Monday, July 9, 2007

ANDRY IS BACK TO HIS SUNNY SELF, AN UNEVENTFUL DAY.

Ron and I couldn’t sleep. At 4:00 we got up and alternated between discussing Andry and watching Seinfeld reruns to diffuse our stress. We developed a plan.

At 9:00, so we would have time alone with Andry while Olya was still asleep in our room, Ron and I went to his room to tickle and sing him awake as usual. He laughed and seemed himself again. Then the three of us went into the living room to talk. First we asked him if he still wanted to be adopted by our family; we were afraid he had changed his mind and that was the reason for his drastic behavior change. He said that he did want us to adopt him. Then we told him that our family was loving and always nice to each other. We liked to laugh and have fun together. We explained that the way he acted last night was bad and he couldn't behave like that. Every sentence or two we would stop and ask if he understood. Each time he quickly nodded yes. We explained that in our family, if someone was upset about something we talked about it. He nodded that he understood.

Andry really seemed to absorb what Ron and I had said. When the short talk was over he and I went to pester Olya awake. The night before, after a failed attempt to cheer Andry up, she hadn't felt comfortable disturbing him to get her pajamas which were in his room. She slept in her fathers shorts and shirt. I think she was relieved to awake and see her brother himself again and she broke into a silly and long improvisational dance.



I can’t imagine how difficult it must be for him (or anyone) to suddenly have to figure out how to fit into a new family. This has to be even harder as teenager who is also beginning to wrestle with their identity, independence and the craziness hormonal changes cause.
After breakfast and a couple of rounds of Crazy-8 and a hockey final (Ron is an ace at table hockey but "somehow" the children won) Vasilly and Yelana came to pick us up. We went directly to Hidro Park, only a few minutes drive from our apartment.

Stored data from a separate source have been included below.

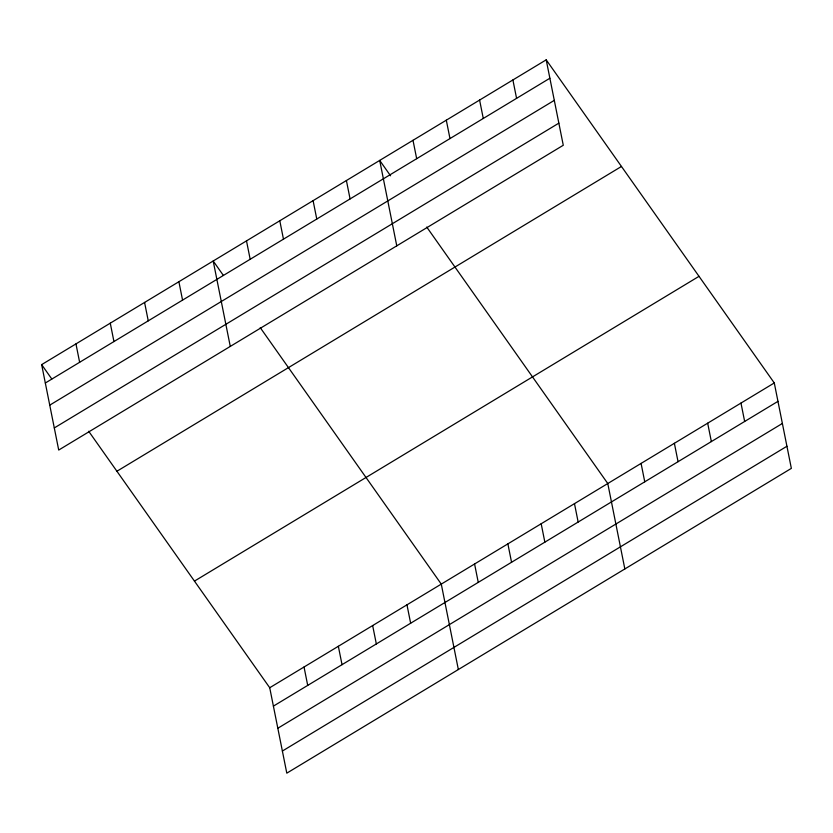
<?xml version="1.0" encoding="UTF-8"?>
<svg xmlns="http://www.w3.org/2000/svg" width="833" height="833" viewBox="0 0 833 833"><rect width="100%" height="100%" fill="white"/><g stroke="black" fill="none" stroke-linecap="round" stroke-linejoin="round"><path stroke-width="1.25" d="M546.198 59.841L563.275 145.265L58.716 450.049L41.65 364.625L546.198 59.841L774.284 382.951L791.35 468.375L286.802 773.159L269.725 687.735L88.694 431.265M45.326 383.013L549.874 78.24M49.751 405.14L554.299 100.356M54.301 427.933L558.849 123.149M116.912 471.249L621.47 166.465M194.464 581.101L699.012 276.327M269.725 687.735L774.284 382.951M273.401 706.124L777.96 401.35M277.826 728.25L782.374 423.466M282.377 751.043L786.925 446.259M390.552 175.794L379.702 160.415L396.768 245.85M426.735 227.055L607.778 483.525L624.844 568.96M223.327 275.348L213.196 261L230.272 346.424M260.24 327.64L441.282 584.11L458.348 669.534M41.65 364.625L51.781 378.973M740.974 403.068L744.66 421.467M707.675 423.185L711.351 441.573M674.376 443.302L678.052 461.69M641.077 463.408L644.752 481.807M512.899 79.958L516.575 98.346M574.478 503.642L578.154 522.041M479.6 100.075L483.275 118.463M541.179 523.759L544.855 542.158M446.301 120.181L449.976 138.58M507.88 543.876L511.556 562.275M413.001 140.298L416.677 158.697M474.581 563.993L478.257 582.392M346.403 180.532L350.079 198.931M406.973 604.831L410.648 623.23M313.093 200.649L316.769 219.048M372.653 625.552L376.339 643.951M279.794 220.766L283.47 239.165M338.344 646.283L342.03 664.682M246.495 240.883L250.171 259.271M304.035 667.004L307.71 685.403M178.887 281.721L182.562 300.119M144.578 302.441L148.253 320.84M110.268 323.173L113.944 341.561M75.959 343.894L79.635 362.293"/></g></svg>
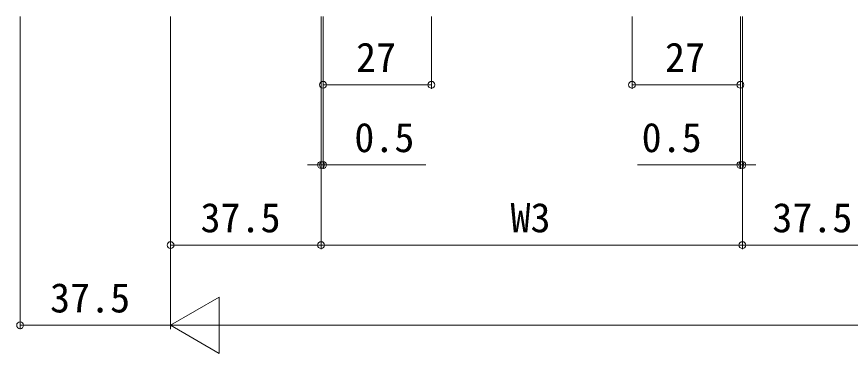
# Model space of a CAD drawing. Units: millimetres, scale not verified. Extents: x -1682 to -296, y -1188 to 1056.
# Drawn here: x -1317.1 to -1109.3, y 254.9 to 338.9 of the extents above; entities that cross this region are included whole.
import ezdxf
from ezdxf.enums import TextEntityAlignment as Align

# ---------------------------------------------------------------- set-up
doc = ezdxf.new("R2010")
doc.units = ezdxf.units.MM
doc.header["$LTSCALE"] = 4
doc.layers.add('0-6_YKK_D', color=6, linetype='Continuous', lineweight=9)
doc.styles.add('ＭＳ ゴシック', font='')
doc.styles.get('ＭＳ ゴシック').set_extended_font_data('MS Gothic')

msp = doc.modelspace()

# ---------------------------------------------------------------- linework, layer by layer
at = {"layer": '0-6_YKK_D'}
for p, q in [((-1316.24, 338.947), (-1316.24, 260.945)), ((-1278.74, 338.947), (-1278.74, 260.945)), ((-1278.74, 338.947), (-1278.74, 260.945)), ((-1278.74, 338.947), (-1278.74, 280.945)), ((-1241.24, 338.947), (-1241.24, 280.945)), ((-1241.24, 338.947), (-1241.24, 300.946)), ((-1241.24, 338.947), (-1241.24, 280.946)), ((-1240.74, 338.947), (-1240.74, 320.948)), ((-1240.74, 338.947), (-1240.74, 300.946)), ((-1213.74, 338.947), (-1213.74, 320.948)), ((-1163.74, 338.947), (-1163.74, 320.947)), ((-1136.74, 338.947), (-1136.74, 320.947)), ((-1136.74, 338.947), (-1136.74, 300.946)), ((-1136.24, 338.947), (-1136.24, 300.946)), ((-1136.24, 338.947), (-1136.24, 280.946)), ((-1136.24, 338.947), (-1136.24, 280.946)), ((-1240.74, 321.948), (-1213.74, 321.948)), ((-1136.74, 321.947), (-1163.74, 321.947)), ((-1241.24, 301.946), (-1244.64, 301.946)), ((-1136.24, 301.946), (-1132.84, 301.946)), ((-1241.24, 281.945), (-1278.74, 281.945)), ((-1136.24, 281.946), (-1241.24, 281.946)), ((-1136.24, 281.946), (-1098.74, 281.946)), ((-1278.74, 261.945), (-1266.615, 268.945)), ((-1266.615, 254.945), (-1266.615, 268.945)), ((-1316.24, 261.945), (-1278.74, 261.945)), ((-1278.74, 261.945), (-1254.491, 261.945)), ((-1278.74, 261.945), (-1266.615, 254.945)), ((-1264.74, 261.945), (-784.239, 261.945))]:
    msp.add_line(p, q, dxfattribs=at)
for points in [[(-1241.24, 301.946), (-1240.74, 301.946), (-1215.14, 301.946)], [(-1136.24, 301.946), (-1136.74, 301.946), (-1162.34, 301.946)]]:
    msp.add_lwpolyline(points, dxfattribs=at)
for centre in [(-1240.74, 321.948), (-1213.74, 321.948), (-1163.74, 321.947), (-1136.74, 321.947), (-1241.24, 301.946), (-1240.74, 301.946), (-1136.74, 301.946), (-1136.24, 301.946), (-1278.74, 281.945), (-1241.24, 281.946), (-1241.24, 281.945), (-1136.24, 281.946), (-1136.24, 281.946), (-1316.24, 261.945)]:
    msp.add_circle(centre, 0.85, dxfattribs=at)

# ---------------------------------------------------------------- texts
at = {"layer": '0-6_YKK_D', "color": 4, "style": 'ＭＳ ゴシック'}
for p in [(-1232.52, 322.948), (-1155.52, 322.947)]:
    msp.add_text('27', height=7.331, rotation=359.999, dxfattribs=at).set_placement(p, align=Align.BOTTOM_LEFT)
for s, p in [('0.5', (-1232.94, 302.946)), ('0.5', (-1161.34, 302.946)), ('37.5', (-1271.27, 282.945)), ('W3', (-1194.02, 282.946)), ('37.5', (-1128.77, 282.946)), ('37.5', (-1308.77, 262.945))]:
    msp.add_text(s, height=7.331, dxfattribs=at).set_placement(p, align=Align.BOTTOM_LEFT)

doc.saveas('drawing.dxf')

Hidro Park is on the banks of the Dnipro River and has an area of somewhat seedy carnival booths, carnival rides and food booths including several that sell whole dried fish.


It also has a lot of activities based around the river: boat and jet ski rental, beaches, volleyball on the sand, etc. However only a fool would swim in the river. The bottom is reputed to have contaminated silt from Chernobyl which is only 30 to 40 miles away. And many manufacturing plants along the river bank still dump their wastes into the river. But there were some foolish people in the water.
We only stayed a few minutes to let the children play the shooting game; the rides didn’t open until 2pm, three hours later. So, we went downtown to have lunch and take in a movie.


Lunch was really interesting. We went to a cafeteria with delicious typical Ukrainian working man’s food, just off Kreschatyk Street, which is Kiev’s equivalent of Times Square. After lunch, I (Ron) had Vassily take me back to the apartment, while Pippa, Olya, Andry and Yelena took in a movie, “Ratatouille” in Russian.

They told me later that they went to a great internet café while waiting on the movie start time. The kids played all kinds of computer games and it’s high on their list of to go-back-to places.

We had a pleasant meal at the apartment. The kids watched the videos they bought earlier in the day. We’re trying to build up a good library of Russian videos for Andry to help keep his language from being forgotten back in the USA.

No sullen episodes. Just the opposite. Many, many times Andry initiated teasing with all three of us. Just a normal, happy day and night. Thanks, we needed that!